The causality analysis reveals that in long run, defense spending Granger causes income inequality. These findings are consistent with existing literature such as Ozsoy (2008) and Elveren (2012) for Turkey; Hirnissa et al. (2009) for ASEAN countries. The feedback effect is found between economic growth and income inequality. This indicates that if economic growth deteriorates income inequality then in such situation income inequality retards economic growth via limiting access to resources and hence reducing investment in physical as well as human capital and vice versa (Shahbaz 2010). The unidirectional causality exists running from defense spending to economic growth. This empirical finding is consistent with Dunne and Vougas (1999) for South Africa; Kollias et al. (2007) for European Union; Karagol and Palaz (2004) and Karagianni and Pempetzoglu (2009) for Turkey; Shahbaz and Shabbir (2012) for Pakistan but contradictory with Tiwari and Shahbaz (2012) for India; Shahbaz et al. (2013) for Pakistan and Farzanegan (2012) for Iran.

The bidirectional causality exists between income inequality and defense spending in short run. In short run, unidirectional causal relationship is found running from income inequality to economic growth. Furthermore, our results validated the existence of inverted-U shaped relationship between defense spending and income inequality as both linear and nonlinear terms of defense spending Granger cause income inequality in short run as well as long run.

5 Conclusion and policy implications

This paper has assessed the relationship between defense spending and income inequality in Iran using annual data over the period of 1971–2011. In doing so, the ARDL bound testing approach to cointegration in the presence of structural break is applied after confirming integrating order of the variables by using structural break unit root test. Our cointegration analysis shows that there is a long run relationship between defense spending, economic growth and income inequality.
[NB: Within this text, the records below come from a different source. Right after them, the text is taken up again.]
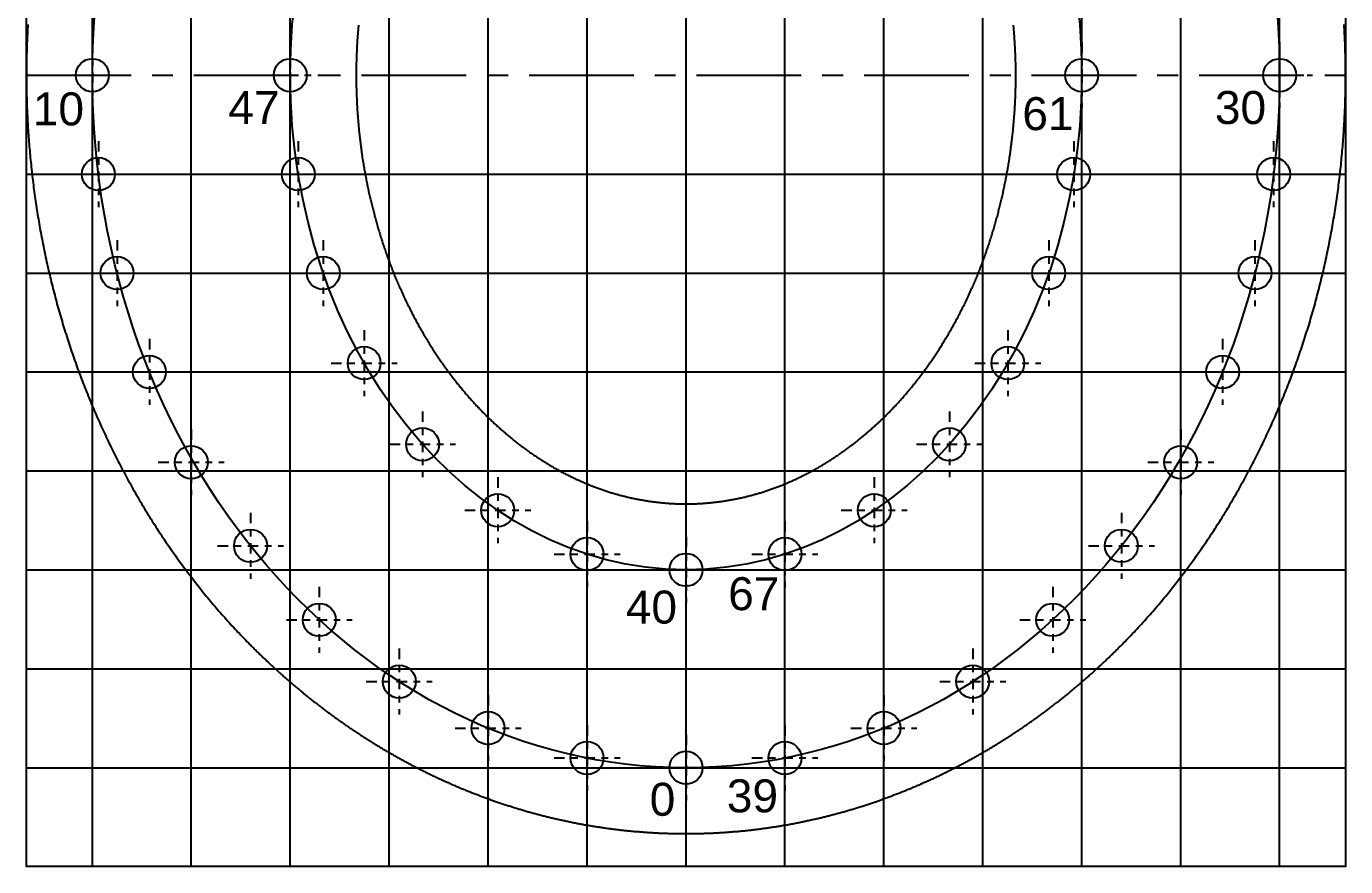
# Model space of a CAD drawing. Header units: inches. Extents: x 0 to 20, y -0.5 to 23.5.
# Drawn here: x 0 to 20, y -0.5 to 12.24 of the extents above; entities that cross this region are included whole.
import ezdxf

# ---------------------------------------------------------------- set-up
doc = ezdxf.new("R2010")
doc.units = ezdxf.units.IN
doc.linetypes.add('CENTER', pattern=[50.8, 31.75, -6.35, 6.35, -6.35])
for name, color, linetype in [('LetterBounds', 192, 'Continuous'), ('LetterOutlines', 61, 'Continuous'), ('PixelCenters', 116, 'Continuous'), ('PixelGuides', 160, 'Continuous'), ('PixelHoles', 90, 'Continuous'), ('PixelNumbers', 232, 'Continuous'), ('PixelPaths', 211, 'Continuous')]:
    doc.layers.add(name, color=color, linetype=linetype)
doc.styles.add('Annotative', font='arial.ttf')

# ---------------------------------------------------------------- blocks, each defined once
blk = doc.blocks.new('Pixel')
at = {"layer": 'PixelCenters', "linetype": 'CENTER', "ltscale": 0.005}
for p, q in [((0, 0.5), (0, -0.5)), ((-0.5, 0), (0.5, 0))]:
    blk.add_line(p, q, dxfattribs=at)
at = {"layer": 'PixelHoles'}
blk.add_circle((0, 0), 0.25, dxfattribs=at)

msp = doc.modelspace()

# ---------------------------------------------------------------- linework, layer by layer
at = {"layer": 'LetterBounds'}
msp.add_lwpolyline([(0, 23.5), (19.998, 23.5), (19.998, -0.5), (0, -0.5)], close=True, dxfattribs=at)
at = {"layer": 'LetterOutlines'}
for points in [[(0.022, 12.266), (0.02, 12.231), (0.018, 12.196), (0.017, 12.162), (0.015, 12.127), (0.013, 12.092), (0.012, 12.057), (0.01, 12.022), (0.009, 11.988), (0.008, 11.953), (0.007, 11.918), (0.006, 11.883), (0.005, 11.848), (0.004, 11.814), (0.003, 11.779), (0.002, 11.744), (0.002, 11.709), (0.001, 11.674), (0.001, 11.639), (0, 11.605), (0, 11.57), (0, 11.535), (0, 11.5), (0, 11.465), (0, 11.43), (0, 11.395), (0.001, 11.361), (0.001, 11.326), (0.002, 11.291), (0.002, 11.256), (0.003, 11.221), (0.004, 11.186), (0.005, 11.152), (0.005, 11.117), (0.007, 11.082), (0.008, 11.047), (0.009, 11.012), (0.01, 10.978), (0.012, 10.943), (0.013, 10.908), (0.015, 10.873), (0.016, 10.838), (0.018, 10.804), (0.02, 10.769), (0.022, 10.734), (0.024, 10.699), (0.026, 10.664), (0.029, 10.63), (0.031, 10.595), (0.033, 10.56), (0.036, 10.526), (0.039, 10.491), (0.041, 10.456), (0.044, 10.421), (0.047, 10.387), (0.05, 10.352), (0.053, 10.317), (0.056, 10.283), (0.059, 10.248), (0.063, 10.213), (0.066, 10.179), (0.07, 10.144), (0.073, 10.11), (0.077, 10.075), (0.081, 10.04), (0.085, 10.006), (0.089, 9.971), (0.093, 9.937), (0.097, 9.902), (0.101, 9.868), (0.106, 9.833), (0.11, 9.799), (0.115, 9.764), (0.119, 9.73), (0.124, 9.695), (0.129, 9.661), (0.134, 9.627), (0.139, 9.592), (0.144, 9.558), (0.149, 9.523), (0.154, 9.489), (0.159, 9.455), (0.165, 9.421), (0.17, 9.386), (0.176, 9.352), (0.182, 9.318), (0.187, 9.284), (0.193, 9.249), (0.199, 9.215), (0.205, 9.181), (0.211, 9.147), (0.218, 9.113), (0.224, 9.079), (0.23, 9.045), (0.237, 9.01), (0.244, 8.976), (0.25, 8.942), (0.257, 8.908), (0.264, 8.874), (0.271, 8.841), (0.278, 8.807), (0.285, 8.773), (0.292, 8.739), (0.3, 8.705), (0.307, 8.671), (0.314, 8.637), (0.322, 8.604), (0.33, 8.57), (0.337, 8.536), (0.345, 8.502), (0.353, 8.469), (0.361, 8.435), (0.369, 8.402), (0.378, 8.368), (0.386, 8.334), (0.394, 8.301), (0.403, 8.267), (0.411, 8.234), (0.42, 8.2), (0.429, 8.167), (0.437, 8.134), (0.446, 8.1), (0.455, 8.067), (0.464, 8.034), (0.474, 8), (0.483, 7.967), (0.492, 7.934), (0.502, 7.901), (0.511, 7.868), (0.521, 7.835), (0.53, 7.801), (0.54, 7.768), (0.55, 7.735), (0.56, 7.702), (0.57, 7.669), (0.58, 7.637), (0.59, 7.604), (0.601, 7.571), (0.611, 7.538), (0.622, 7.505), (0.632, 7.473), (0.643, 7.44), (0.654, 7.407), (0.664, 7.375), (0.675, 7.342), (0.686, 7.309), (0.697, 7.277), (0.709, 7.244), (0.72, 7.212), (0.731, 7.18), (0.743, 7.147), (0.754, 7.115), (0.766, 7.083), (0.777, 7.05), (0.789, 7.018), (0.801, 6.986), (0.813, 6.954), (0.825, 6.922), (0.837, 6.89), (0.849, 6.858), (0.862, 6.826), (0.874, 6.794), (0.887, 6.762), (0.899, 6.73), (0.912, 6.698), (0.925, 6.667), (0.937, 6.635), (0.95, 6.603), (0.963, 6.572), (0.976, 6.54), (0.989, 6.509), (1.003, 6.477), (1.016, 6.446), (1.029, 6.414), (1.043, 6.383), (1.056, 6.352), (1.07, 6.32), (1.084, 6.289), (1.098, 6.258), (1.112, 6.227), (1.126, 6.196), (1.14, 6.165), (1.154, 6.134), (1.168, 6.103), (1.182, 6.072), (1.197, 6.041), (1.211, 6.011), (1.226, 5.98), (1.24, 5.949), (1.255, 5.918), (1.27, 5.888), (1.285, 5.857), (1.3, 5.827), (1.315, 5.796), (1.33, 5.766), (1.345, 5.736), (1.36, 5.705), (1.376, 5.675), (1.391, 5.645), (1.407, 5.615), (1.422, 5.585), (1.438, 5.555), (1.454, 5.525), (1.47, 5.495), (1.486, 5.465), (1.502, 5.435), (1.518, 5.406), (1.534, 5.376), (1.55, 5.346), (1.566, 5.317), (1.583, 5.287), (1.599, 5.258), (1.616, 5.228), (1.633, 5.199), (1.649, 5.17), (1.666, 5.14), (1.683, 5.111), (1.7, 5.082), (1.717, 5.053), (1.734, 5.024), (1.751, 4.995), (1.768, 4.966), (1.786, 4.937), (1.803, 4.909), (1.821, 4.88), (1.838, 4.851), (1.856, 4.823), (1.874, 4.794), (1.892, 4.766), (1.909, 4.737), (1.927, 4.709), (1.945, 4.68), (1.964, 4.652), (1.982, 4.624), (2, 4.596), (2.018, 4.568), (2.037, 4.54), (2.055, 4.512), (2.074, 4.484), (2.092, 4.456), (2.111, 4.429), (2.13, 4.401), (2.149, 4.373), (2.168, 4.346), (2.187, 4.318), (2.206, 4.291), (2.225, 4.264), (2.244, 4.236), (2.264, 4.209), (2.283, 4.182), (2.302, 4.155), (2.322, 4.128), (2.342, 4.101), (2.361, 4.074), (2.381, 4.047), (2.401, 4.02), (2.421, 3.994), (2.441, 3.967), (2.461, 3.941), (2.481, 3.914), (2.501, 3.888), (2.521, 3.861), (2.542, 3.835), (2.562, 3.809), (2.583, 3.783), (2.603, 3.757), (2.624, 3.731), (2.644, 3.705), (2.665, 3.679), (2.686, 3.653), (2.707, 3.628), (2.728, 3.602), (2.749, 3.576), (2.77, 3.551), (2.791, 3.526), (2.813, 3.5), (2.834, 3.475), (2.855, 3.45), (2.877, 3.425), (2.898, 3.4), (2.92, 3.375), (2.942, 3.35), (2.963, 3.325), (2.985, 3.3), (3.007, 3.276), (3.029, 3.251), (3.051, 3.226), (3.073, 3.202), (3.095, 3.178), (3.117, 3.153), (3.14, 3.129), (3.162, 3.105), (3.185, 3.081), (3.207, 3.057), (3.23, 3.033), (3.252, 3.009), (3.275, 2.985), (3.298, 2.962), (3.32, 2.938), (3.343, 2.915), (3.366, 2.891), (3.389, 2.868), (3.401, 2.856), (3.412, 2.845), (3.424, 2.833), (3.435, 2.821), (3.447, 2.81), (3.459, 2.798), (3.47, 2.787), (3.482, 2.775), (3.494, 2.764), (3.505, 2.752), (3.517, 2.741), (3.529, 2.729), (3.54, 2.718), (3.552, 2.707), (3.564, 2.695), (3.576, 2.684), (3.587, 2.673), (3.599, 2.661), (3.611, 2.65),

Furthermore, defense spending improves income distribution in Iran. An inverted-U shaped relationship between defense spending and income inequality also exists. Economic growth increases income inequality. The causality analysis points out that military spending Granger causes income distribution. This confirmed the existence of an inverted-U shaped relationship between defense spending and income inequality. The feedback hypothesis is validated between economic growth and income inequality.

With the notice to the negative effects of defense spending on income inequality, it seems that in Iran defense sector is much more attractive for people belonging to low income groups in comparison with people in high income groups. The negative relationship between defense spending and income inequality in Iran can have multiple explanations. Ali (2012) suggests that “the military establishment in MENA (including Iran) countries is entrenched in all aspect of the society and it is complicated to parse-out the efficient from the inefficient allocations of the societal resources”. Other possible interpretation could be that the equity value of military industrialization more than offset the expense of inefficient allocation of resources hence the negative impact of military expenditure on income inequality. Also this negative relationship could be indicative of attempts by governments to consolidate their power by providing more subsidies and social programs while on the other hand they increase military expenditures. This study can be augmented by adding other factors of income inequality while investigating the impact of military spending on income inequality. These potential variables are welfare, political regimes, democracy, globalization, foreign direct investment etc. The state-level analysis between military spending and income inequality (state-level) is necessary to understand the dynamics of the relationship between both variables for designing a comprehensive defense and economic policy to achieve sustainable economic development in Iran.